A few drawbacks that pop to mind:

  1. JSF is a component-based framework. This has inherent restrictions that have to do with obeying the component-model.
  2. AFAIK JSF supports only POST, so if you want a GET somewhere you have to do a plain servlet/JSP.
  3. Most components try to provide abstractions over domains like relational databases and front-end JavaScript, and many time these abstractions are "leaky" and very hard to debug.

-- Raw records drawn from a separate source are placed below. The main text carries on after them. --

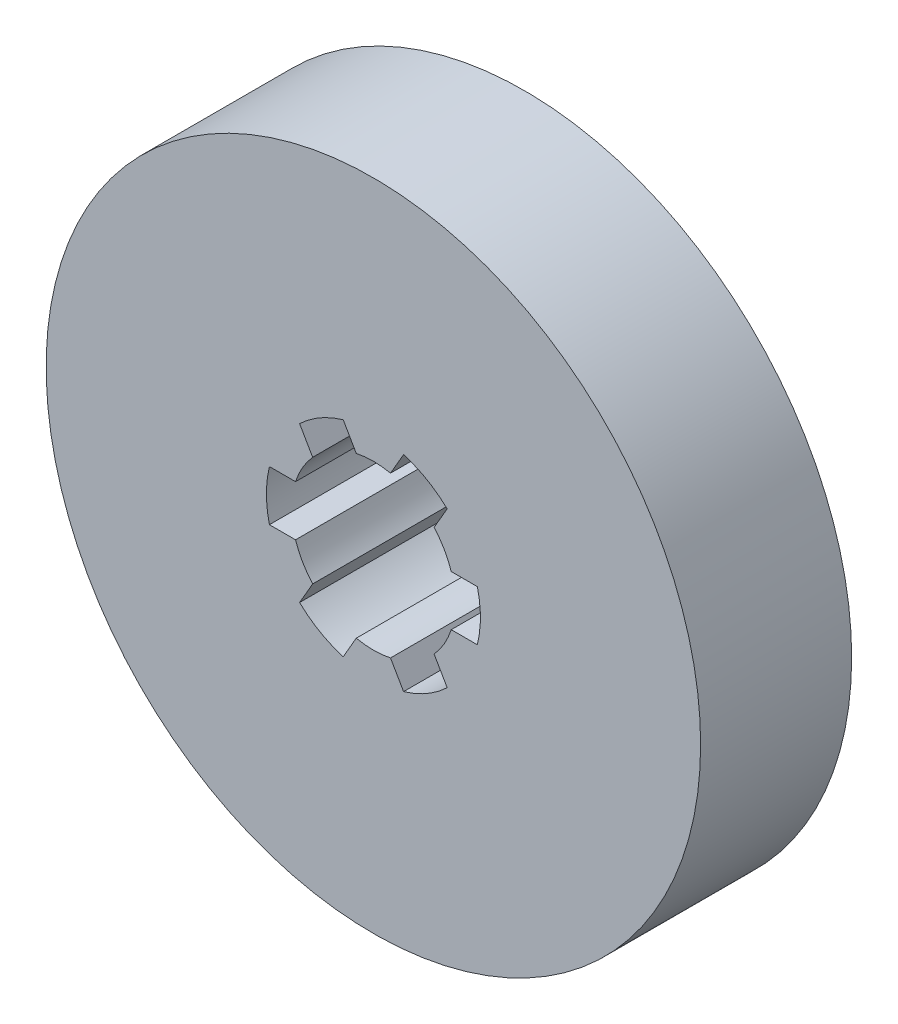
ISO-10303-21;
HEADER;
FILE_DESCRIPTION(('STEP AP214'),'2;1');
FILE_NAME('part.step','',(''),(''),'','','');
FILE_SCHEMA(('AUTOMOTIVE_DESIGN { 1 0 10303 214 1 1 1 1 }'));
ENDSEC;
DATA;
#1=APPLICATION_CONTEXT('core data for automotive mechanical design processes');
#2=APPLICATION_PROTOCOL_DEFINITION('international standard','automotive_design',2000,#1);
#3=PRODUCT_CONTEXT('',#1,'mechanical');
#4=PRODUCT('Part','Part','',(#3));
#5=PRODUCT_RELATED_PRODUCT_CATEGORY('part','',(#4));
#6=PRODUCT_DEFINITION_FORMATION('','',#4);
#7=PRODUCT_DEFINITION_CONTEXT('part definition',#1,'design');
#8=PRODUCT_DEFINITION('design','',#6,#7);
#9=PRODUCT_DEFINITION_SHAPE('','',#8);
#10=(LENGTH_UNIT() NAMED_UNIT(*) SI_UNIT(.MILLI.,.METRE.));
#11=(NAMED_UNIT(*) PLANE_ANGLE_UNIT() SI_UNIT($,.RADIAN.));
#12=(NAMED_UNIT(*) SI_UNIT($,.STERADIAN.) SOLID_ANGLE_UNIT());
#13=UNCERTAINTY_MEASURE_WITH_UNIT(LENGTH_MEASURE(1.E-05),#10,'distance_accuracy_value','');
#14=(GEOMETRIC_REPRESENTATION_CONTEXT(3) GLOBAL_UNCERTAINTY_ASSIGNED_CONTEXT((#13)) GLOBAL_UNIT_ASSIGNED_CONTEXT((#10,
#11,#12)) REPRESENTATION_CONTEXT('',''));
#15=CARTESIAN_POINT('',(0.,0.,0.));
#16=DIRECTION('',(0.,0.,1.));
#17=DIRECTION('',(1.,0.,0.));
#18=AXIS2_PLACEMENT_3D('',#15,#16,#17);
#19=CARTESIAN_POINT('',(0.,0.,12.));
#20=DIRECTION('',(0.,0.,1.));
#21=DIRECTION('',(1.,0.,0.));
#22=AXIS2_PLACEMENT_3D('',#19,#20,#21);
#23=PLANE('',#22);
#24=CARTESIAN_POINT('',(0.,0.,12.));
#25=DIRECTION('',(0.,0.,1.));
#26=DIRECTION('',(1.,0.,0.));
#27=AXIS2_PLACEMENT_3D('',#24,#25,#26);
#28=CIRCLE('',#27,26.);
#29=CARTESIAN_POINT('',(26.,0.,12.));
#30=VERTEX_POINT('',#29);
#31=EDGE_CURVE('E10',#30,#30,#28,.T.);
#32=ORIENTED_EDGE('',*,*,#31,.T.);
#33=EDGE_LOOP('',(#32));
#34=FACE_BOUND('',#33,.T.);
#35=CARTESIAN_POINT('',(1.41538913929051E-05,0.000114129818460512,12.));
#36=DIRECTION('',(0.,0.,1.));
#37=DIRECTION('',(1.,0.,0.));
#38=AXIS2_PLACEMENT_3D('',#35,#36,#37);
#39=CIRCLE('',#38,6.5);
#40=CARTESIAN_POINT('',(1.36029256553576,6.35618545122562,12.));
#41=VERTEX_POINT('',#40);
#42=CARTESIAN_POINT('',(-1.36026425775297,6.35618545122562,12.));
#43=VERTEX_POINT('',#42);
#44=EDGE_CURVE('E423',#41,#43,#39,.T.);
#45=ORIENTED_EDGE('',*,*,#44,.F.);
#46=DIRECTION('',(0.5,0.866025403784439,0.));
#47=VECTOR('',#46,1.);
#48=CARTESIAN_POINT('',(1.87946691116143,7.2554217958356,12.));
#49=LINE('',#48,#47);
#50=CARTESIAN_POINT('',(2.3986412567871,8.15465814044558,12.));
#51=VERTEX_POINT('',#50);
#52=EDGE_CURVE('E233',#41,#51,#49,.T.);
#53=ORIENTED_EDGE('',*,*,#52,.T.);
#54=CARTESIAN_POINT('',(1.4153891405265E-05,0.000114129818509518,12.));
#55=DIRECTION('',(0.,0.,1.));
#56=DIRECTION('',(1.,0.,0.));
#57=AXIS2_PLACEMENT_3D('',#54,#55,#56);
#58=CIRCLE('',#57,8.5);
#59=CARTESIAN_POINT('',(5.86274287192485,6.15465814044558,12.));
#60=VERTEX_POINT('',#59);
#61=EDGE_CURVE('E351',#60,#51,#58,.T.);
#62=ORIENTED_EDGE('',*,*,#61,.F.);
#63=DIRECTION('',(0.5,0.866025403784439,0.));
#64=VECTOR('',#63,1.);
#65=CARTESIAN_POINT('',(5.34356852629918,5.2554217958356,12.));
#66=LINE('',#65,#64);
#67=CARTESIAN_POINT('',(4.82439418067351,4.35618545122562,12.));
#68=VERTEX_POINT('',#67);
#69=EDGE_CURVE('E37',#68,#60,#66,.T.);
#70=ORIENTED_EDGE('',*,*,#69,.F.);
#71=CARTESIAN_POINT('',(1.41538913857493E-05,0.000114129818478944,12.));
#72=DIRECTION('',(0.,0.,1.));
#73=DIRECTION('',(1.,0.,0.));
#74=AXIS2_PLACEMENT_3D('',#71,#72,#73);
#75=CIRCLE('',#74,6.5);
#76=CARTESIAN_POINT('',(6.18467259231788,2.00011412981848,12.));
#77=VERTEX_POINT('',#76);
#78=EDGE_CURVE('E419',#77,#68,#75,.T.);
#79=ORIENTED_EDGE('',*,*,#78,.F.);
#80=DIRECTION('',(1.,0.,0.));
#81=VECTOR('',#80,1.);
#82=CARTESIAN_POINT('',(7.22302128356921,2.00011412981848,12.));
#83=LINE('',#82,#81);
#84=CARTESIAN_POINT('',(8.26136997482055,2.00011412981848,12.));
#85=VERTEX_POINT('',#84);
#86=EDGE_CURVE('E403',#77,#85,#83,.T.);
#87=ORIENTED_EDGE('',*,*,#86,.T.);
#88=CARTESIAN_POINT('',(1.41538913844483E-05,0.000114129818484581,12.));
#89=DIRECTION('',(0.,0.,1.));
#90=DIRECTION('',(1.,0.,0.));
#91=AXIS2_PLACEMENT_3D('',#88,#89,#90);
#92=CIRCLE('',#91,8.5);
#93=CARTESIAN_POINT('',(8.26136997482055,-1.99988587018151,12.));
#94=VERTEX_POINT('',#93);
#95=EDGE_CURVE('E411',#94,#85,#92,.T.);
#96=ORIENTED_EDGE('',*,*,#95,.F.);
#97=DIRECTION('',(1.,0.,0.));
#98=VECTOR('',#97,1.);
#99=CARTESIAN_POINT('',(7.22302128356921,-1.99988587018151,12.));
#100=LINE('',#99,#98);
#101=CARTESIAN_POINT('',(6.18467259231788,-1.99988587018151,12.));
#102=VERTEX_POINT('',#101);
#103=EDGE_CURVE('E407',#102,#94,#100,.T.);
#104=ORIENTED_EDGE('',*,*,#103,.F.);
#105=CARTESIAN_POINT('',(1.41538913853156E-05,0.000114129818493038,12.));
#106=DIRECTION('',(0.,0.,1.));
#107=DIRECTION('',(1.,0.,0.));
#108=AXIS2_PLACEMENT_3D('',#105,#106,#107);
#109=CIRCLE('',#108,6.5);
#110=CARTESIAN_POINT('',(4.82439418067352,-4.35595719158865,12.));
#111=VERTEX_POINT('',#110);
#112=EDGE_CURVE('E415',#111,#102,#109,.T.);
#113=ORIENTED_EDGE('',*,*,#112,.F.);
#114=DIRECTION('',(0.5,-0.866025403784439,0.));
#115=VECTOR('',#114,1.);
#116=CARTESIAN_POINT('',(5.34356852629918,-5.25519353619863,12.));
#117=LINE('',#116,#115);
#118=CARTESIAN_POINT('',(5.86274287192485,-6.15442988080861,12.));
#119=VERTEX_POINT('',#118);
#120=EDGE_CURVE('E399',#111,#119,#117,.T.);
#121=ORIENTED_EDGE('',*,*,#120,.T.);
#122=CARTESIAN_POINT('',(1.41538914030966E-05,0.000114129818468318,12.));
#123=DIRECTION('',(0.,0.,1.));
#124=DIRECTION('',(1.,0.,0.));
#125=AXIS2_PLACEMENT_3D('',#122,#123,#124);
#126=CIRCLE('',#125,8.5);
#127=CARTESIAN_POINT('',(2.39864125678709,-8.15442988080861,12.));
#128=VERTEX_POINT('',#127);
#129=EDGE_CURVE('E395',#128,#119,#126,.T.);
#130=ORIENTED_EDGE('',*,*,#129,.F.);
#131=DIRECTION('',(0.5,-0.866025403784439,0.));
#132=VECTOR('',#131,1.);
#133=CARTESIAN_POINT('',(1.87946691116143,-7.25519353619863,12.));
#134=LINE('',#133,#132);
#135=CARTESIAN_POINT('',(1.36029256553576,-6.35595719158865,12.));
#136=VERTEX_POINT('',#135);
#137=EDGE_CURVE('E391',#136,#128,#134,.T.);
#138=ORIENTED_EDGE('',*,*,#137,.F.);
#139=CARTESIAN_POINT('',(1.41538913914956E-05,0.000114129818493038,12.));
#140=DIRECTION('',(0.,0.,1.));
#141=DIRECTION('',(1.,0.,0.));
#142=AXIS2_PLACEMENT_3D('',#139,#140,#141);
#143=CIRCLE('',#142,6.5);
#144=CARTESIAN_POINT('',(-1.36026425775298,-6.35595719158865,12.));
#145=VERTEX_POINT('',#144);
#146=EDGE_CURVE('E257',#145,#136,#143,.T.);
#147=ORIENTED_EDGE('',*,*,#146,.F.);
#148=DIRECTION('',(-0.5,-0.866025403784439,0.));
#149=VECTOR('',#148,1.);
#150=CARTESIAN_POINT('',(-1.87943860337864,-7.25519353619863,12.));
#151=LINE('',#150,#149);
#152=CARTESIAN_POINT('',(-2.39861294900431,-8.15442988080861,12.));
#153=VERTEX_POINT('',#152);
#154=EDGE_CURVE('E379',#145,#153,#151,.T.);
#155=ORIENTED_EDGE('',*,*,#154,.T.);
#156=CARTESIAN_POINT('',(1.41538913814125E-05,0.000114129818462247,12.));
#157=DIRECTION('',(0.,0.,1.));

  4. These abstractions might be a good starting point for a junior developer or someone not comfortable with a particular domain (e.g. front-end JavaScript), but are very hard to optimise for performance, since there are several layers involved, and most people that use them have little understanding of what is going on under the hood.
  5. The templating mechanisms that are usually used with JSF have nothing to do with how web desigers work. The WYSIWYG editors for JSF are primitive and in any case, your designer will give you HTML/CSS that you'll have to spend ages converting.
  6. Things like EL expressions are not statically checked and both the compiler and IDEs are not doing a good job at finding errors, so you'll end up with errors that you'll have to catch at run-time. This might be fine for dynamically typed language like Ruby or PHP, but if I have to withstand the sheer bloat of the Java ecosystem, I demand typing for my templates.

To sum up: The time you will save with JSF, from avoiding to write the JSP/servlet/bean boilerplate code, you'll spent it x10 to make it scale and do exactly what you want it to do.